(DATASET EXCERPTS begins)

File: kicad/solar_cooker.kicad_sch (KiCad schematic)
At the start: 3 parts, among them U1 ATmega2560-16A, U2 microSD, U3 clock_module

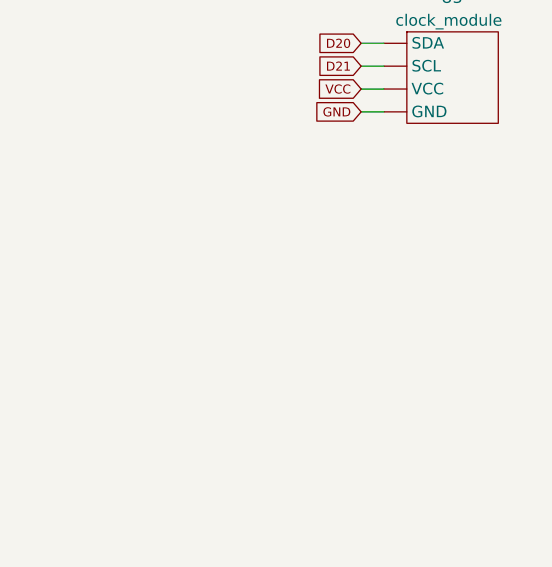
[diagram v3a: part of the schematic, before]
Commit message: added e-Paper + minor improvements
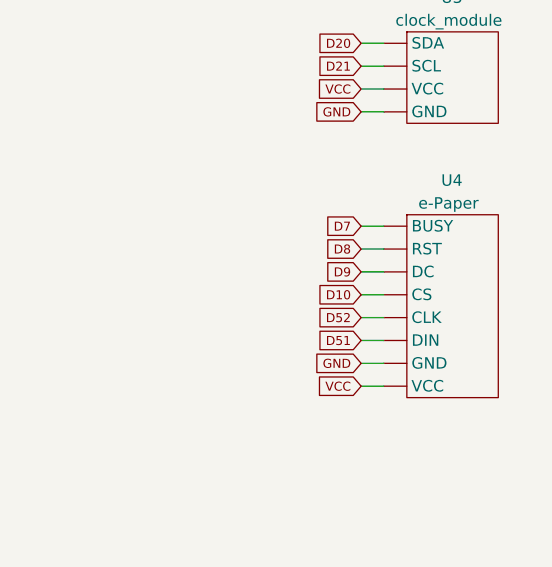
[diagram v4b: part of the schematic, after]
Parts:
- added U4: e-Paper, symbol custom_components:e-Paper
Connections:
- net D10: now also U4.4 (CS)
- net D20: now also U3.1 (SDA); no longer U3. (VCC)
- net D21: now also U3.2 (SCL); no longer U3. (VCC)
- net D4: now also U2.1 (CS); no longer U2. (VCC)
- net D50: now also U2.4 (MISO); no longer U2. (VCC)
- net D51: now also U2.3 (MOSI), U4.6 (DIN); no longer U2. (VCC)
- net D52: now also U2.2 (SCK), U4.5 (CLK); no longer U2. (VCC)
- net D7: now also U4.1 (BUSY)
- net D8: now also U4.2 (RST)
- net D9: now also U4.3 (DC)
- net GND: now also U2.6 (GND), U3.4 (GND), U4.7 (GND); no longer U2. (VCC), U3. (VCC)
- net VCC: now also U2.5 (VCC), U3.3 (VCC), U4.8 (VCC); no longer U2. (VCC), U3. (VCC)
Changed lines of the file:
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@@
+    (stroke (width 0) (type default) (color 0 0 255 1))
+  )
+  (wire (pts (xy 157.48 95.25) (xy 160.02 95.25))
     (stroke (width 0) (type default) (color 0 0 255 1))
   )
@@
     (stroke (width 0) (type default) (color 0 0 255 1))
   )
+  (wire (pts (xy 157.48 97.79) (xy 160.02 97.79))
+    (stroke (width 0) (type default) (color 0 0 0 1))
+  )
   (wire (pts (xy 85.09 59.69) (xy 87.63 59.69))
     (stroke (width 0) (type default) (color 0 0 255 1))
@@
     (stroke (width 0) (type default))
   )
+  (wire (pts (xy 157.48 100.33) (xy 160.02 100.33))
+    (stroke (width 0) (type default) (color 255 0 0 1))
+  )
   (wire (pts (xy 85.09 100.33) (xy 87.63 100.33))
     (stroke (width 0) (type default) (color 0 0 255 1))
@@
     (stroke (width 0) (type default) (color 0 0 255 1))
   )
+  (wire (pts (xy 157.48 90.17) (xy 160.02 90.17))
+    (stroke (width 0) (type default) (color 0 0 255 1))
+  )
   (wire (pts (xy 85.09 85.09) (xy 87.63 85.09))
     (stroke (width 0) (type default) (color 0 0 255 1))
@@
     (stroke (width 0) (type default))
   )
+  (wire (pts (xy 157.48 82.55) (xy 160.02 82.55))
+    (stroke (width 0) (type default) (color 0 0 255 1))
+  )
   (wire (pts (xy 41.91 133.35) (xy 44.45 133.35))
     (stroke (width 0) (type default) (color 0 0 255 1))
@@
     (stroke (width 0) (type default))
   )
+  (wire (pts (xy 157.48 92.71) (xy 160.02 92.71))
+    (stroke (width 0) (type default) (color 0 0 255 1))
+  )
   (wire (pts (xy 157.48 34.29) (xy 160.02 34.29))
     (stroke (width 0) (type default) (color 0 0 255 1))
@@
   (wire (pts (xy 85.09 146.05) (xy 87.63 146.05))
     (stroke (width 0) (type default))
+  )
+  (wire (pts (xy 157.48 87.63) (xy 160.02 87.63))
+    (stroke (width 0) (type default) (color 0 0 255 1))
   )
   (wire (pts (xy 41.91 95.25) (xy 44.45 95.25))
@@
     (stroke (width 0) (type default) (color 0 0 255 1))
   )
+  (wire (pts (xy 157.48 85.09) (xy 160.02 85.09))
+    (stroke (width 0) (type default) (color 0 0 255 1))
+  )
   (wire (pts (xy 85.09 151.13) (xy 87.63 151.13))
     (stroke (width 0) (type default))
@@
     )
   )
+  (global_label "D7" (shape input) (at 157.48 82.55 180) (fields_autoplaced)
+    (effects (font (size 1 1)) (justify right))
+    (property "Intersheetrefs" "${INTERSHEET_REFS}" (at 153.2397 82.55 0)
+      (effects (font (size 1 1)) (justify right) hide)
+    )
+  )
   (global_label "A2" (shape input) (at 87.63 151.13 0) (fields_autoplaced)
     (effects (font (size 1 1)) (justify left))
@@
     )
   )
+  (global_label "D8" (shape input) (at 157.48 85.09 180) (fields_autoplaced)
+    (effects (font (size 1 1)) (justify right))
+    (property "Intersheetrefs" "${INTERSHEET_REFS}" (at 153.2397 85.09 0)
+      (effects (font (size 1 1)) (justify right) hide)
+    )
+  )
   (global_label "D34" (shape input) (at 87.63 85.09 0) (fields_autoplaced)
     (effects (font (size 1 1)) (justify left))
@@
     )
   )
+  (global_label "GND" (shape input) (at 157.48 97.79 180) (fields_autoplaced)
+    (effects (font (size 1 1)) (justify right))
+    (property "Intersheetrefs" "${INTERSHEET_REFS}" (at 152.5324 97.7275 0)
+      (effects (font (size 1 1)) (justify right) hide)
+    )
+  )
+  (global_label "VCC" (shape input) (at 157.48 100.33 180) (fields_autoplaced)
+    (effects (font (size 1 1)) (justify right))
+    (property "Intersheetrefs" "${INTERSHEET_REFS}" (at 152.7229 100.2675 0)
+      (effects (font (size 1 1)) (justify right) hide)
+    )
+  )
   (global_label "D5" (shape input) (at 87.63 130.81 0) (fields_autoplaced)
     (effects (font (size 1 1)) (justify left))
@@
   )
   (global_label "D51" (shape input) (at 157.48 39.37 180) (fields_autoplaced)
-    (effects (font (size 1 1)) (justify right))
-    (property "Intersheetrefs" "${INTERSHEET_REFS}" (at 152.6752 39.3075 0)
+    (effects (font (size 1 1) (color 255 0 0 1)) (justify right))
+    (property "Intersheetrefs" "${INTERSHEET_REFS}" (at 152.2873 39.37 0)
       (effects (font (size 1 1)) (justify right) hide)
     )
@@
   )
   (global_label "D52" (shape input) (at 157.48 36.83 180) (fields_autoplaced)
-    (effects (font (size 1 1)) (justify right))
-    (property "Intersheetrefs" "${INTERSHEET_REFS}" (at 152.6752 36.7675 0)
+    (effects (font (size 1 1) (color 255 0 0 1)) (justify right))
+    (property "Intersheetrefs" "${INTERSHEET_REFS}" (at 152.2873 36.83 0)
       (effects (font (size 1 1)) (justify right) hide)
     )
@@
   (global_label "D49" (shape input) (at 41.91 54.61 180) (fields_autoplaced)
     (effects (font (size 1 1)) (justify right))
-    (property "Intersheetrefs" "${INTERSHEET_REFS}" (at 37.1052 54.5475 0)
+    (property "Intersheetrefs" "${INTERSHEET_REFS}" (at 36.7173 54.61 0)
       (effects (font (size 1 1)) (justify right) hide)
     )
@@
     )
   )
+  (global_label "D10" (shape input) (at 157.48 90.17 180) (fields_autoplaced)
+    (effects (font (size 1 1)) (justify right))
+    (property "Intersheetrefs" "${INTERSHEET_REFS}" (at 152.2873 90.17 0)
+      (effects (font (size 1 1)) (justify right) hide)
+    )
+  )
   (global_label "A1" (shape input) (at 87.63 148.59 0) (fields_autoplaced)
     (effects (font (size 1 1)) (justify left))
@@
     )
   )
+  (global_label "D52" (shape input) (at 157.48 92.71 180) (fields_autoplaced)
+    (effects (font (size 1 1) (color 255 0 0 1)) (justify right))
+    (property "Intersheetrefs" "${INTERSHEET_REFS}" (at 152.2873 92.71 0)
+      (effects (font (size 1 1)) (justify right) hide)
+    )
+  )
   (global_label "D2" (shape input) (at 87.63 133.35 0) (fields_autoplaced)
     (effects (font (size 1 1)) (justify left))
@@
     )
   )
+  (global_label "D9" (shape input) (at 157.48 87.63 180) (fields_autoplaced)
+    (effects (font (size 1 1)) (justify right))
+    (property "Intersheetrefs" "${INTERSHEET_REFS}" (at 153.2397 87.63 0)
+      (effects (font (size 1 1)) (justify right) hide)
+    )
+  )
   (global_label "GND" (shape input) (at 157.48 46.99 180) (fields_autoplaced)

(DATASET EXCERPTS ends)

PROBLEM TO SOLVE> Show every line of the entries above where the word "diagram" occurs.

TASK ANSWER>
[diagram v3a: part of the schematic, before]
[diagram v4b: part of the schematic, after]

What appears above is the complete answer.